Deputy chief financial officer Jacqueline Purcell. Source: Supplied.
Deputy chief financial officer Jacqueline Purcell. Source: Supplied.

Some of Australia's technology start-ups are being hit hard by the coronavirus pandemic, with some of the country's fastest growing companies forced to axe up to a third of staff and adjust to a period of economic downturn.

Sydney-based start-up Deputy has laid off 30 per cent of its staff, making the difficult decision after use of its rostering and time clock software halved.

Speaking to The Australian, Deputy's new chief financial officer Jacqueline Purcell said that the COVID-19 impact to restaurants and small businesses meant that hours worked by the company's 2 million user base halved, and the company's growth subsequently ground to a halt.

Ms Purcell joined Deputy from fellow high-growth start-up Culture Amp, which announced recently it was cutting 8 per cent of its workforce.

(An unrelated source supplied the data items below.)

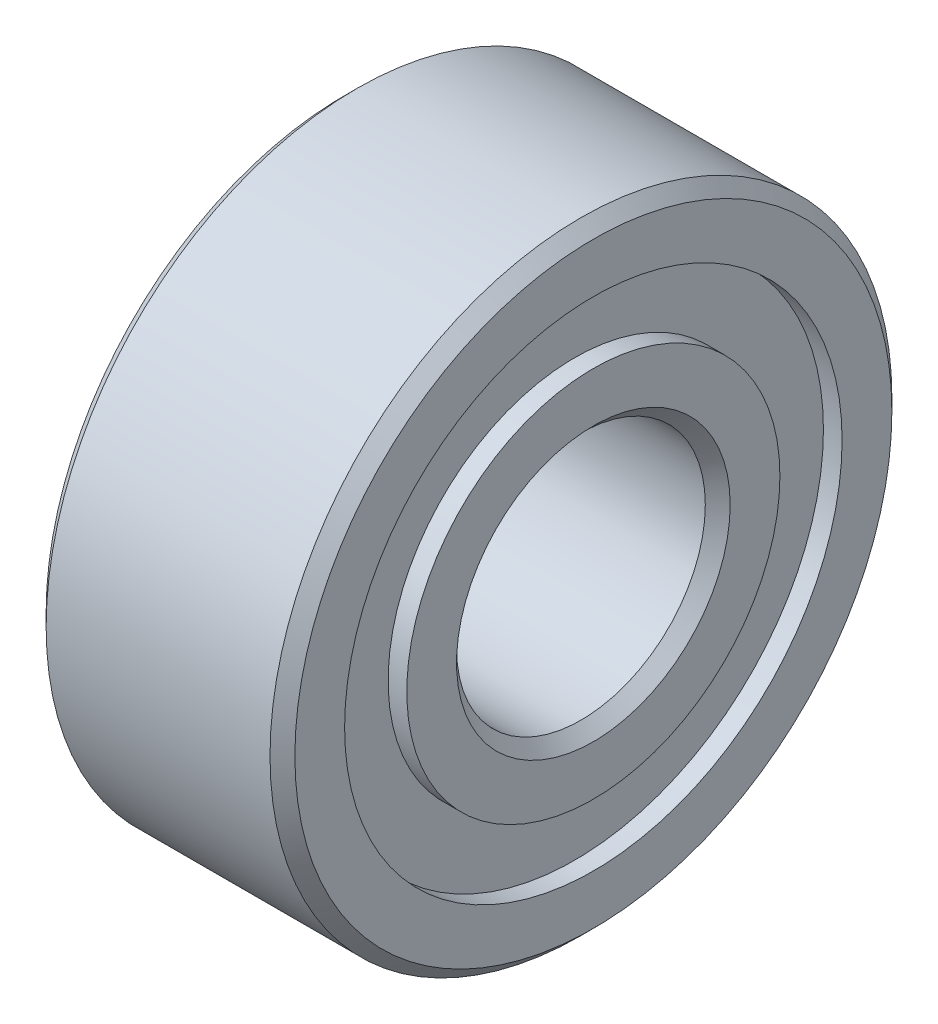
from build123d import *

# Parameters (mm, degrees)
SKETCH_1_R          = 5
SKETCH_1_R_2        = 2
EXTRUDE_1_DEPTH     = 4
SKETCH_2_R          = 4
SKETCH_2_R_2        = 3
CUT_EXTRUDE_1_DEPTH = 0.3
CHAMFER_1_SIZE      = 0.2
SKETCH_3_R          = 4
SKETCH_3_R_2        = 3
CUT_EXTRUDE_2_DEPTH = 0.3


with BuildPart() as part:
    # 草图1 → 凸台-拉伸1 (new body)
    with BuildSketch(Plane(origin=(0, 0, 0), x_dir=(0, 0, -1), z_dir=(1, 0, 0))):
        Circle(SKETCH_1_R)
        Circle(SKETCH_1_R_2, mode=Mode.SUBTRACT)
    extrude(amount=EXTRUDE_1_DEPTH)

    # 草图2 → 切除-拉伸1 (cut)
    with BuildSketch(Plane(origin=(4, 0, 0), x_dir=(0, 0, -1), z_dir=(1, 0, 0))):
        with Locations((-0.000375625, 0)):
            Circle(SKETCH_2_R)
        with Locations((-0.000375625, 0)):
            Circle(SKETCH_2_R_2, mode=Mode.SUBTRACT)
    extrude(amount=-CUT_EXTRUDE_1_DEPTH, mode=Mode.SUBTRACT)

    # 倒角1
    chamfer_1_edges = [part.edges().sort_by_distance(p)[0] for p in [
        (0, 0, 5),
        (4, 0, 5),
        (0, 0, 2),
        (4, 0, 2),
    ]]
    chamfer(chamfer_1_edges, length=CHAMFER_1_SIZE)

    # 草图3 → 切除-拉伸2 (cut)
    with BuildSketch(Plane.ZY):
        Circle(SKETCH_3_R)
        Circle(SKETCH_3_R_2, mode=Mode.SUBTRACT)
    extrude(amount=-CUT_EXTRUDE_2_DEPTH, mode=Mode.SUBTRACT)


solid = part.part

US start-up giants Airbnb and Uber recently announced they were cutting 25 per cent and 23 per cent of their headcounts respectively.

As of early this year Deputy had almost 100,000 businesses – and more than 200,000 workplaces – subscribing to its HR software worldwide, and about 360 staff. In November 2018 closed an $111 million Series B funding round, a deal touted at the time as Australia’s largest ever such funding round.

"It definitely was not easy, and we are still getting questions about how and why we made those decisions," Ms Purcell said. "We started with a scenario analysis and trying to have a sense of how the business would be impacted under different scenarios. We made the decision to make redundant about 30 per cent of the team globally, and that decision was driven by a few things.

"Deputy was, prior to COVID, on an aggressive growth path. And given the company serves a lot of small businesses, including a lot in retail and hospital, we knew that COVID was going to impact that trajectory. From a resourcing standpoint we just didn't have the capacity to have all of those employees who were really focused on growth, in a period where the business, in the short term at least, was going to be contracting."

Ms Purcell said that the company also did not want to have to do multiple rounds of redundancies.

"We wanted to do it in a way that would put the company in the best position to get through the crisis and rebuild, and give those employees the best package we could afford," she said. "If we delay it, the company can be in a worse position and your ability to be as generous as less."

She added that she expected the downturn to be temporary, and that Deputy would likely soon return to its normal growth patterns.

"It certainly doesn't change the long term mission and the importance of Deputy, and if anything this crisis has shown how critical shift workers are to the functioning of the economy and the role that they serve," Ms Purcell said. "We're setting ourselves up to be in a better position for the recovery and take advantage of the longer term opportunity.

"Technology start-ups are almost recreating themselves almost every 18 months because of the rate at which they're growing and the rate at which new people are coming in to the organisation.

"If you have strong core tenets, you'll continue to evolve in a positive way and that's what I love about working in these kinds of companies."